Tu relances entourage après et tout est récupéré.


----------



## Aliboron (26 Septembre 2008)

Ne pas oublier de faire les mises à jour d'Office aussi : une version non mise à jour (12.0) ne pourra pas ouvrir une base de données provenant d'une version à jour (12.1.2). Gag classique...


----------



## cmix (28 Septembre 2008)

La manip est faite, tout a parfaitement fonctionné, merci encore !!! Bravo à l'inventeur des forums !!!


----------



## kikounette971 (13 Novembre 2008)

Flibust007 a dit:


> Il est bien entendu que tu copies le répertoire " identité principale " de ta sauvegarde se trouvant sur le disque externe vers l'endroit où se trouve actuellement le répertoire "identité principale" vide sur le disque de ton ordi.
> Tu relances entourage après et tout est récupéré.


--------------------------------------------------------------------------------------------------------------------

Bonsoir,

Je suis nouvelle sur ce forum et j'ai le même soucis de récupération de mes mails sur Entourage!
J'ai beau copier l'identité principale de mon compte avant ré-initialisation et le coller dans le nouveau répertoire "identité principale" après initialisation quand je ré-ouvre Entourage rien ne se passe, je me retrouve avec mes derniers mails reçu après l'initialisation... est-ce que je saute une étape? Je suis vraiment dégoûtée... 3 ans et de mi de correspondance foutu en l'air.

Si vous êtes en mesure de m'aider j'en serais très soulagée. 
Merci à vous pour tous ces bons conseils que des novices comme moi apprécient particulièrement!


----------



## Aliboron (13 Novembre 2008)

Bonjour et bienvenue sur les forums de MacGénération !!!



kikounette971 a dit:


> j'ai le même soucis de récupération de mes mails sur Entourage !


Est-ce que tu peux néanmoins donner quelques précisions qui nous permettront de mieux "visualiser" la situation exacte. En particulier, nous préciser de quelle version d'Entourage il s'agit, si les mises à jour ont été faites.
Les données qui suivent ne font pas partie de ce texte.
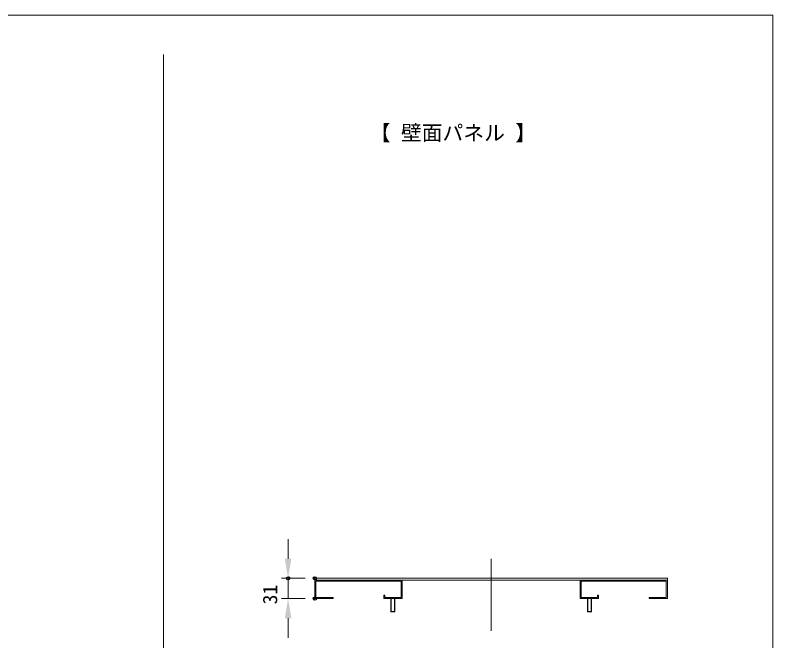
# Model space of a CAD drawing. Units: millimetres on the paper. Extents: x -203 to 203, y -143 to 143.
# Drawn here: x 82.3 to 198, y 42.5 to 138 of the extents above; entities that cross this region are included whole.
import ezdxf
from ezdxf.enums import TextEntityAlignment as Align

# ---------------------------------------------------------------- set-up
doc = ezdxf.new("R2010")
doc.units = ezdxf.units.MM
doc.header["$PDMODE"] = 32
doc.header["$PDSIZE"] = 0.5
for name, color, linetype, lineweight in [('0-1_DIMENSION_LINES$02_DIMENSI', 7, 'Continuous', 20), ('0-3_DIMENSION_LINES$03_LINES', 7, 'Continuous', 18), ('0-4_WAKU_INVISIBLE', 7, 'Continuous', 18), ('0-5_DIMENSION_LINES$01_CENTER_', 7, 'Continuous', 20), ('0-6_DIMENSION_LINES$04_SUB_LIN', 4, 'Continuous', 18), ('0-B_図面_FORMAT$01_WAKU$OUT_LINE', 6, 'Continuous', 18)]:
    doc.layers.add(name, color=color, linetype=linetype, lineweight=lineweight)
doc.layers.add('0-2_DEFPOINTS', color=7, linetype='Continuous')
doc.styles.add('ＭＳ ゴシック', font='')
doc.styles.get('ＭＳ ゴシック').set_extended_font_data('MS Gothic')

# ---------------------------------------------------------------- blocks, each defined once
blk = doc.blocks.new('D15')
at = {"layer": '0-1_DIMENSION_LINES$02_DIMENSI'}
for p, q in [((2024, 1085), (2024, 1088)), ((2026.6, 1082), (2023, 1082)), ((2024, 1078.9), (2024, 1082)), ((2026.6, 1078.9), (2023, 1078.9)), ((2024, 1075.9), (2024, 1072.9))]:
    blk.add_line(p, q, dxfattribs=at)
for points in [[(2023.5, 1085), (2024.5, 1085), (2024, 1082)], [(2024.5, 1075.9), (2023.5, 1075.9), (2024, 1078.9)]]:
    blk.add_solid(points, dxfattribs=at)
at = {"layer": '0-2_DEFPOINTS'}
for p in [(2024, 1082), (2028.1, 1082), (2028.1, 1078.9)]:
    blk.add_point(p, dxfattribs=at)
at = {"layer": '0-1_DIMENSION_LINES$02_DIMENSI', "style": 'ＭＳ ゴシック'}
blk.add_text('31', height=2.199, rotation=90, dxfattribs=at).set_placement((2023, 1078.021), align=Align.BOTTOM_LEFT)

msp = doc.modelspace()

# ---------------------------------------------------------------- linework, layer by layer
at = {"layer": '0-3_DIMENSION_LINES$03_LINES'}
for p, q in [((105, -108), (105, 132)), ((128.1, 52), (128.1, 51.7)), ((181.9, 52), (128.1, 52)), ((128.1, 51.7), (141.4, 51.7)), ((128.1, 48.9), (128.1, 51.7)), ((128.1, 51.7), (181.9, 51.7)), ((128.26, 51.54), (128.26, 49.06)), ((141.24, 51.54), (128.26, 51.54)), ((141.24, 49.06), (141.24, 51.54)), ((141.4, 51.7), (141.4, 48.9)), ((168.6, 51.7), (168.6, 48.9)), ((181.9, 51.7), (168.6, 51.7)), ((168.76, 51.54), (181.74, 51.54)), ((168.76, 49.06), (168.76, 51.54)), ((181.74, 51.54), (181.74, 49.06)), ((181.9, 51.7), (181.9, 52)), ((181.9, 48.9), (181.9, 51.7)), ((130.9, 48.9), (128.1, 48.9)), ((128.26, 49.06), (130.9, 49.06)), ((130.9, 49.06), (130.9, 48.9)), ((138.6, 49.45), (138.76, 49.45)), ((138.6, 49.06), (138.6, 49.45)), ((138.6, 48.9), (138.6, 49.06)), ((138.76, 48.9), (138.6, 48.9)), ((138.76, 49.45), (138.76, 49.06)), ((138.76, 49.06), (141.24, 49.06)), ((141.4, 48.9), (138.76, 48.9)), ((139.7, 48.9), (140.3, 48.9)), ((139.7, 46.95), (139.7, 48.9)), ((140.3, 48.9), (140.3, 46.95)), ((168.6, 48.9), (171.24, 48.9)), ((171.24, 49.06), (168.76, 49.06)), ((169.7, 48.9), (169.7, 46.95)), ((170.3, 48.9), (169.7, 48.9)), ((170.3, 46.95), (170.3, 48.9)), ((171.24, 49.45), (171.24, 49.06)), ((171.4, 49.45), (171.24, 49.45)), ((171.24, 48.9), (171.4, 48.9)), ((171.4, 49.06), (171.4, 49.45)), ((171.4, 48.9), (171.4, 49.06)), ((179.1, 49.06), (179.1, 48.9)), ((181.74, 49.06), (179.1, 49.06)), ((179.1, 48.9), (181.9, 48.9)), ((139.75, 46.9), (139.7, 46.95)), ((140.25, 46.9), (139.75, 46.9)), ((140.3, 46.95), (140.25, 46.9)), ((169.7, 46.95), (169.75, 46.9)), ((169.75, 46.9), (170.25, 46.9)), ((170.25, 46.9), (170.3, 46.95))]:
    msp.add_line(p, q, dxfattribs=at)
at = {"layer": '0-4_WAKU_INVISIBLE'}
for p, q in [((198, 138), (-198, 138)), ((198, -138), (198, 138))]:
    msp.add_line(p, q, dxfattribs=at)
at = {"layer": '0-5_DIMENSION_LINES$01_CENTER_'}
msp.add_line((155, 55), (155, 44), dxfattribs=at)
at = {"layer": '0-6_DIMENSION_LINES$04_SUB_LIN'}
for p, q in [((139.75, 48.9), (139.75, 46.9)), ((140.25, 46.9), (140.25, 48.9)), ((169.75, 46.9), (169.75, 48.9)), ((170.25, 48.9), (170.25, 46.9)), ((140.3, 46.95), (139.7, 46.95)), ((169.7, 46.95), (170.3, 46.95))]:
    msp.add_line(p, q, dxfattribs=at)
at = {"layer": '0-B_図面_FORMAT$01_WAKU$OUT_LINE'}
msp.add_lwpolyline([(-198, -138), (198, -138), (198, 138), (-198, 138)], close=True, dxfattribs=at)

# ---------------------------------------------------------------- block references
at = {"layer": '0-1_DIMENSION_LINES$02_DIMENSI'}
msp.add_blockref('D15', (-1900, -1030), dxfattribs=at)

# ---------------------------------------------------------------- texts
at = {"layer": '0-1_DIMENSION_LINES$02_DIMENSI', "style": 'ＭＳ ゴシック'}
msp.add_text('【 壁面パネル 】', height=2.328, dxfattribs=at).set_placement((136.463, 118.16), align=Align.BOTTOM_LEFT)

doc.saveas('drawing.dxf')

Et aussi décrire très précisément ce que tu fais, comment tu procèdes, étape par étape.

Comme ta description ne semble pas très claire, on va tout de même re-préciser un peu les choses : toutes les données d'Entourage sont dans un dossier nommé (par défaut) "Identité principale" et qu'on trouve dans ~/Documents/Données utilisateurs Microsoft/Utilisateurs Office 2004 (où la tilde ~ représente le dossier utilisateur, la "petite maison").

Il te faut donc copier le dossier "Identité principale" de ton ancienne installation au même emplacement dans la nouvelle installation, autrement dit à la place de celle qui s'est créée (et pas à l'intérieur de celle-ci comme ta description peut le laisser penser). Rien ne t'empêche (bien au contraire) de donner à ce dossier de ton ancienne identité un nom bien caractéristique (genre "ma vraie identité") et la mettre "à côté" de l'autre, la nouvelle qui ne contient pas grand chose. Ensuite, une fois Entourage lancé, tu peux aller par le menu "Entourage" > "Basculer vers une identité..." chercher l'identité qui te convient.

Pour finir, une fois les choses maîtrisées, il t'est possible, depuis l'identité nouvelle qui ne contient pas grand chose, de faire glisser tes messages reçus "après l'initialisation" vers le bureau. Ensuite, tu bascules vers ta "vraie identité" et tu peux faire glisser les messages depuis le bureau vers les dossiers où tu veux qu'ils soient rangés et voilà !!!

Bon, si ça ne te suffit pas comme explications pour t'en sortir, essaye de donner un maximum de précisions, en détaillant bien les étapes et en décrivant à partir d'où ça ne va plus comme tu voudrais (ou croirais).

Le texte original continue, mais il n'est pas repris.